#### [Task]
Your reply should consist solely of the lines from the one containing "constraints: 24 end" through the end of the data, restated word for word.

#### [Stored entries]
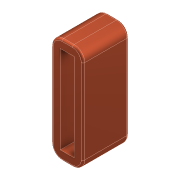
# Autodesk Inventor part: copper-wire
Saved by Autodesk Inventor 2022 (Build 260153000, 153)
## iProperties
Created: 2025-01-12
Part Number: copper-wire
Material: Generic
Document SubType Name: Modeling
Designer: Home
Density: 1 g/cm^3
Appearance: Copper - Satin
Author: Home
Autodesk Inventor part; units mm, degrees
ref_plane "YZ Plane" through (0, 0, 0) normal (1, 0, 0) x (0, 1, 0)
ref_plane "XZ Plane" through (0, 0, 0) normal (0, 1, 0) x (-1, 0, 0)
ref_plane "XY Plane" through (0, 0, 0) normal (0, 0, 1) x (1, 0, 0)
sketch "Sketch1" plane through (0, 0, 0) normal (0, 0, 1) x (1, 0, 0)
  line L0 (-2, -12.5) -> (2, -12.5)
  line L1 (2, -12.5) -> (2, 12.5)
  line L2 (2, 12.5) -> (-2, 12.5)
  line L3 (-2, 12.5) -> (-2, -12.5)
  line L4 (-2, -12.5) -> (2, 12.5) construction
  line L5 (2, -12.5) -> (-2, 12.5) construction
  line L6 (-4.5, -15) -> (4.5, -15)
  line L7 (4.5, -15) -> (4.5, 15)
  line L8 (4.5, 15) -> (-4.5, 15)
  line L9 (-4.5, 15) -> (-4.5, -15)
  line L10 (-4.5, -15) -> (4.5, 15) construction
  line L11 (4.5, -15) -> (-4.5, 15) construction
  point P0 (0, 0)
  dimension "d0" = 4
  dimension "d1" = 25
  dimension "d2" = 9
  dimension "d3" = 30
  constraints: 24 end point, 4 midpoint, 4 parallel, 2 horizontal, 2 perpendicular
  measures "d0" distance of L2.end L1.end
  measures "d1" distance of L1.end L0.end
  measures "d2" distance of L8.end L7.end
  measures "d3" distance of L7.end L6.end
extrude "Extrusion1" add sketch "Sketch1" along normal blind 13
fillet "Fillet1" radius 3 4 edges at (-4.5, 15, 6.5) (4.5, 15, 6.5) (4.5, -15, 6.5) (-4.5, -15, 6.5)
fillet "Fillet2" radius 0.5 16 edges at (-3.6213, 14.1213, 13) (-4.5, 0, 13) (-3.6213, -14.1213, 13) (0, -15, 13) (3.6213, -14.1213, 13) (4.5, 0, 13) (3.6213, 14.1213, 13) (0, 15, 13) (-3.6213, 14.1213, 0) (-4.5, 0, 0) (-3.6213, -14.1213, 0) (0, -15, 0) (3.6213, -14.1213, 0) (4.5, 0, 0) (3.6213, 14.1213, 0) (0, 15, 0)
body "Solid1"

#### [Response area]
  constraints: 24 end point, 4 midpoint, 4 parallel, 2 horizontal, 2 perpendicular
  measures "d0" distance of L2.end L1.end
  measures "d1" distance of L1.end L0.end
  measures "d2" distance of L8.end L7.end
  measures "d3" distance of L7.end L6.end
extrude "Extrusion1" add sketch "Sketch1" along normal blind 13
fillet "Fillet1" radius 3 4 edges at (-4.5, 15, 6.5) (4.5, 15, 6.5) (4.5, -15, 6.5) (-4.5, -15, 6.5)
fillet "Fillet2" radius 0.5 16 edges at (-3.6213, 14.1213, 13) (-4.5, 0, 13) (-3.6213, -14.1213, 13) (0, -15, 13) (3.6213, -14.1213, 13) (4.5, 0, 13) (3.6213, 14.1213, 13) (0, 15, 13) (-3.6213, 14.1213, 0) (-4.5, 0, 0) (-3.6213, -14.1213, 0) (0, -15, 0) (3.6213, -14.1213, 0) (4.5, 0, 0) (3.6213, 14.1213, 0) (0, 15, 0)
body "Solid1"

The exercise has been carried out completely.